Leave every image behind and restate the data word for word.

##### Records to process #####

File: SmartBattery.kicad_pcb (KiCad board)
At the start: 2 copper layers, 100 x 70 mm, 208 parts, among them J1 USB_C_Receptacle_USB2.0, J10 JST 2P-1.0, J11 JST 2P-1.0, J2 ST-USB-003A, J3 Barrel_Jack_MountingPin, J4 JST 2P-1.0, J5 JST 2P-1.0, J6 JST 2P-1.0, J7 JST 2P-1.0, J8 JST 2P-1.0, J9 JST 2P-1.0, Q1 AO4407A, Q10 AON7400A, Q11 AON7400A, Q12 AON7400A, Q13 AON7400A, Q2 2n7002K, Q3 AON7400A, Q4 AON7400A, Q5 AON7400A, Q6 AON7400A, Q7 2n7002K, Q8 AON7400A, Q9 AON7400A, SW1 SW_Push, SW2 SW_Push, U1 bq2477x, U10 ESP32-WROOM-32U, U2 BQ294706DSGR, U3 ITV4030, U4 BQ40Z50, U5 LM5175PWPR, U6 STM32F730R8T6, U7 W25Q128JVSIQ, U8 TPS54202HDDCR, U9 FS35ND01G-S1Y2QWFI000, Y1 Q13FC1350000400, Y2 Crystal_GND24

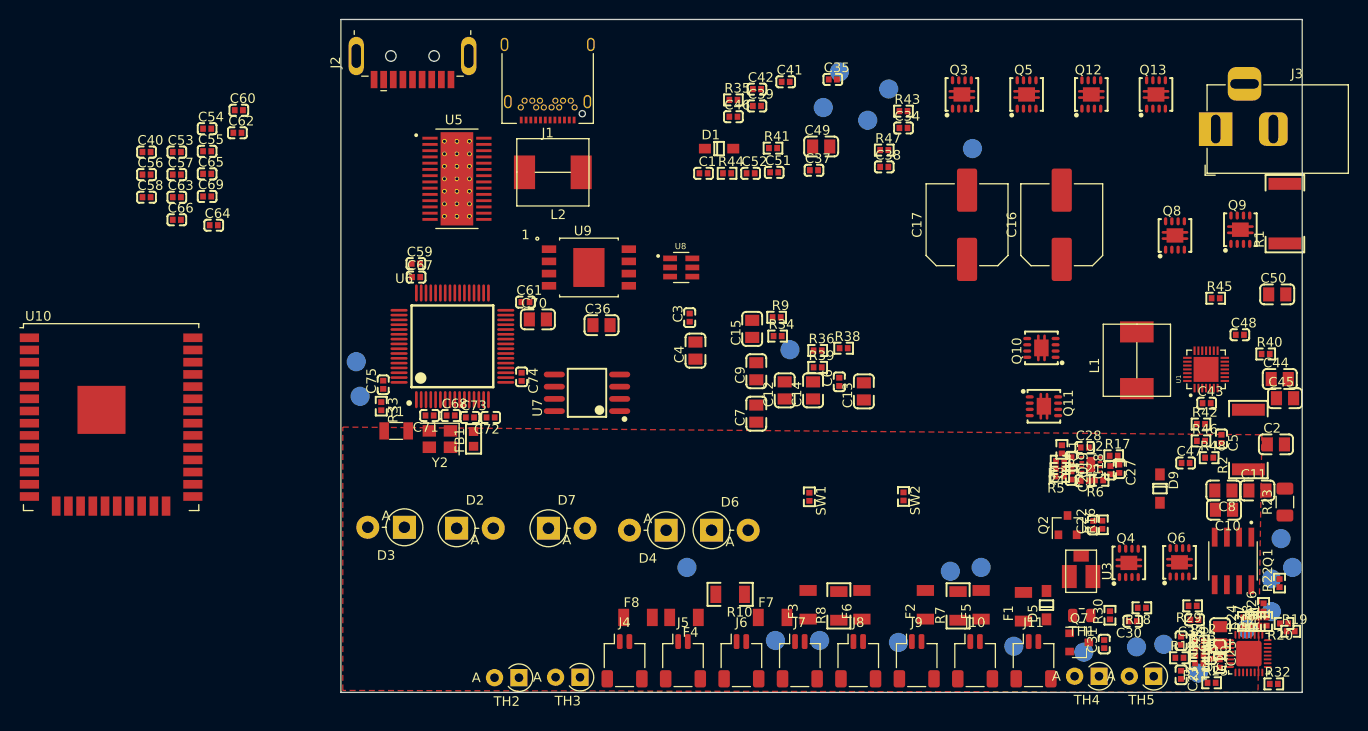
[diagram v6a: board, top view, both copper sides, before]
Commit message: Replaced old charger to support JLC assembly. Very close now!
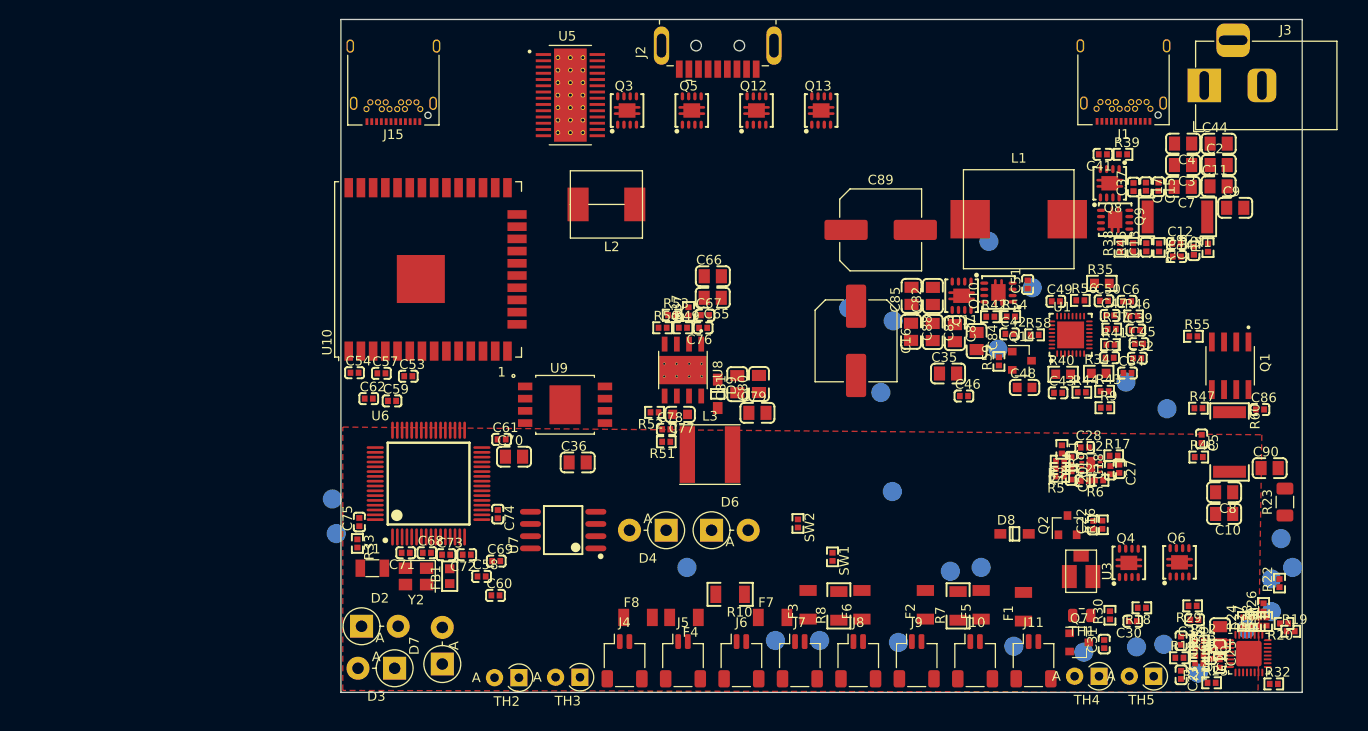
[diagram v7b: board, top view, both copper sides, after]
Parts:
- removed C40, C55, C56, C63, C64: 0.1u 6.3v, lc_lib:0402_C
- removed D1: CD1206-S01575, lc_lib:SOD-123
- removed D5: DIODE, lc_lib:SOD-123
- added C76: 0.1u 25v, lc_lib:0402_C, F.Cu at (37.7, 32.1)
- added C77: 8.2nF, lc_lib:0603_C, F.Cu at (35.3, 41.1)
- added C78: 220pF, lc_lib:0402_C, F.Cu at (33.8, 42.6)
- added C79: 22u, lc_lib:0805_C, F.Cu at (43.3, 40.9)
- added C80: 22u, lc_lib:0805_C, F.Cu at (43.5, 37.9)
- added C81: 22u, lc_lib:0805_C, F.Cu at (41.2, 37.9)
- added C82: 10u, lc_lib:0805_C, F.Cu at (61.6, 28.8)
- added C83: 10u, lc_lib:0805_C, F.Cu at (61.6, 32.5)
- added C84: 10u, lc_lib:0805_C, F.Cu at (66.1, 33.5)
- added C85: 10u, lc_lib:0805_C, F.Cu at (59.4, 28.8)
- added C86: 1uF 25v, lc_lib:0402_C, F.Cu at (95.6, 40.6)
- added C87: 22u, lc_lib:0805_C, F.Cu at (63.9, 32.6)
- added C88: 22u, lc_lib:0805_C, F.Cu at (59.3, 32.5)
- added C89: 220u, Capacitor_SMD:C_Elec_8x10.2, F.Cu at (56.1, 21.9)
- added C90: 22u, lc_lib:0805_C, F.Cu at (96.6, 46.7)
- added D8: B5817W-5819W, lc_lib:SOD-123, F.Cu at (70.1, 53.5)
- added J15: USB_C_Receptacle_USB2.0, Connector_USB:USB_C_Receptacle_Amphenol_12401548E4-2A, F.Cu at (5.46, 5.61)
- added L3: 6.8uH 47mO SWPA6028S6R8MT, Inductor_SMD:L_Taiyo-Yuden_NR-60xx, F.Cu at (38.4, 45.3)
- added Q14: 2n7002K, Package_TO_SOT_SMD:SOT-23, F.Cu at (70.8, 35.5)
- added R37: 0, lc_lib:0402_R, F.Cu at (36.2, 30.4)
- added R49: 0, lc_lib:0402_R, F.Cu at (35.6, 32.1)
- added R50: 20k, lc_lib:0402_R, F.Cu at (33.5, 32.1)
- added R51: 51k, lc_lib:0402_R, F.Cu at (33.8, 43.9)
- added R52: 15k, lc_lib:0402_R, F.Cu at (32.6, 40.9)
- added R53: DNP, lc_lib:0402_R, F.Cu at (34.5, 30.8)
- added R54: 0, lc_lib:0402_R, F.Cu at (69.7, 30.9)
- added R55: 0, lc_lib:0402_R, F.Cu at (88.7, 33.0)
- added R56: 110k, lc_lib:0402_R, F.Cu at (76.9, 29.2)
- added R57: DNP, lc_lib:0402_R, F.Cu at (80.2, 32.2)
- added R58: DNP, lc_lib:0402_R, F.Cu at (72.2, 32.8)
- added R59: 110k, lc_lib:0402_R, F.Cu at (68.5, 35.6)
- added R60: 0.01, lc_lib:2512_R, F.Cu at (92.4, 44.0)
- added TP25: TestPoint, TestPoint:TestPoint_Pad_D2.0mm, B.Cu at (71.9, 27.9)
- added TP26: TestPoint, TestPoint:TestPoint_Pad_D2.0mm, B.Cu at (67.4, 23.1)
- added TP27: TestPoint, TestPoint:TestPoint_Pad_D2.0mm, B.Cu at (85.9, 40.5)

#####

> _Answer to this exercise_:
File: SmartBattery.kicad_pcb (KiCad board)
At the start: 2 copper layers, 100 x 70 mm, 208 parts, among them J1 USB_C_Receptacle_USB2.0, J10 JST 2P-1.0, J11 JST 2P-1.0, J2 ST-USB-003A, J3 Barrel_Jack_MountingPin, J4 JST 2P-1.0, J5 JST 2P-1.0, J6 JST 2P-1.0, J7 JST 2P-1.0, J8 JST 2P-1.0, J9 JST 2P-1.0, Q1 AO4407A, Q10 AON7400A, Q11 AON7400A, Q12 AON7400A, Q13 AON7400A, Q2 2n7002K, Q3 AON7400A, Q4 AON7400A, Q5 AON7400A, Q6 AON7400A, Q7 2n7002K, Q8 AON7400A, Q9 AON7400A, SW1 SW_Push, SW2 SW_Push, U1 bq2477x, U10 ESP32-WROOM-32U, U2 BQ294706DSGR, U3 ITV4030, U4 BQ40Z50, U5 LM5175PWPR, U6 STM32F730R8T6, U7 W25Q128JVSIQ, U8 TPS54202HDDCR, U9 FS35ND01G-S1Y2QWFI000, Y1 Q13FC1350000400, Y2 Crystal_GND24

[diagram v6a: board, top view, both copper sides, before]
Commit message: Replaced old charger to support JLC assembly. Very close now!
[diagram v7b: board, top view, both copper sides, after]
Parts:
- removed C40, C55, C56, C63, C64: 0.1u 6.3v, lc_lib:0402_C
- removed D1: CD1206-S01575, lc_lib:SOD-123
- removed D5: DIODE, lc_lib:SOD-123
- added C76: 0.1u 25v, lc_lib:0402_C, F.Cu at (37.7, 32.1)
- added C77: 8.2nF, lc_lib:0603_C, F.Cu at (35.3, 41.1)
- added C78: 220pF, lc_lib:0402_C, F.Cu at (33.8, 42.6)
- added C79: 22u, lc_lib:0805_C, F.Cu at (43.3, 40.9)
- added C80: 22u, lc_lib:0805_C, F.Cu at (43.5, 37.9)
- added C81: 22u, lc_lib:0805_C, F.Cu at (41.2, 37.9)
- added C82: 10u, lc_lib:0805_C, F.Cu at (61.6, 28.8)
- added C83: 10u, lc_lib:0805_C, F.Cu at (61.6, 32.5)
- added C84: 10u, lc_lib:0805_C, F.Cu at (66.1, 33.5)
- added C85: 10u, lc_lib:0805_C, F.Cu at (59.4, 28.8)
- added C86: 1uF 25v, lc_lib:0402_C, F.Cu at (95.6, 40.6)
- added C87: 22u, lc_lib:0805_C, F.Cu at (63.9, 32.6)
- added C88: 22u, lc_lib:0805_C, F.Cu at (59.3, 32.5)
- added C89: 220u, Capacitor_SMD:C_Elec_8x10.2, F.Cu at (56.1, 21.9)
- added C90: 22u, lc_lib:0805_C, F.Cu at (96.6, 46.7)
- added D8: B5817W-5819W, lc_lib:SOD-123, F.Cu at (70.1, 53.5)
- added J15: USB_C_Receptacle_USB2.0, Connector_USB:USB_C_Receptacle_Amphenol_12401548E4-2A, F.Cu at (5.46, 5.61)
- added L3: 6.8uH 47mO SWPA6028S6R8MT, Inductor_SMD:L_Taiyo-Yuden_NR-60xx, F.Cu at (38.4, 45.3)
- added Q14: 2n7002K, Package_TO_SOT_SMD:SOT-23, F.Cu at (70.8, 35.5)
- added R37: 0, lc_lib:0402_R, F.Cu at (36.2, 30.4)
- added R49: 0, lc_lib:0402_R, F.Cu at (35.6, 32.1)
- added R50: 20k, lc_lib:0402_R, F.Cu at (33.5, 32.1)
- added R51: 51k, lc_lib:0402_R, F.Cu at (33.8, 43.9)
- added R52: 15k, lc_lib:0402_R, F.Cu at (32.6, 40.9)
- added R53: DNP, lc_lib:0402_R, F.Cu at (34.5, 30.8)
- added R54: 0, lc_lib:0402_R, F.Cu at (69.7, 30.9)
- added R55: 0, lc_lib:0402_R, F.Cu at (88.7, 33.0)
- added R56: 110k, lc_lib:0402_R, F.Cu at (76.9, 29.2)
- added R57: DNP, lc_lib:0402_R, F.Cu at (80.2, 32.2)
- added R58: DNP, lc_lib:0402_R, F.Cu at (72.2, 32.8)
- added R59: 110k, lc_lib:0402_R, F.Cu at (68.5, 35.6)
- added R60: 0.01, lc_lib:2512_R, F.Cu at (92.4, 44.0)
- added TP25: TestPoint, TestPoint:TestPoint_Pad_D2.0mm, B.Cu at (71.9, 27.9)
- added TP26: TestPoint, TestPoint:TestPoint_Pad_D2.0mm, B.Cu at (67.4, 23.1)
- added TP27: TestPoint, TestPoint:TestPoint_Pad_D2.0mm, B.Cu at (85.9, 40.5)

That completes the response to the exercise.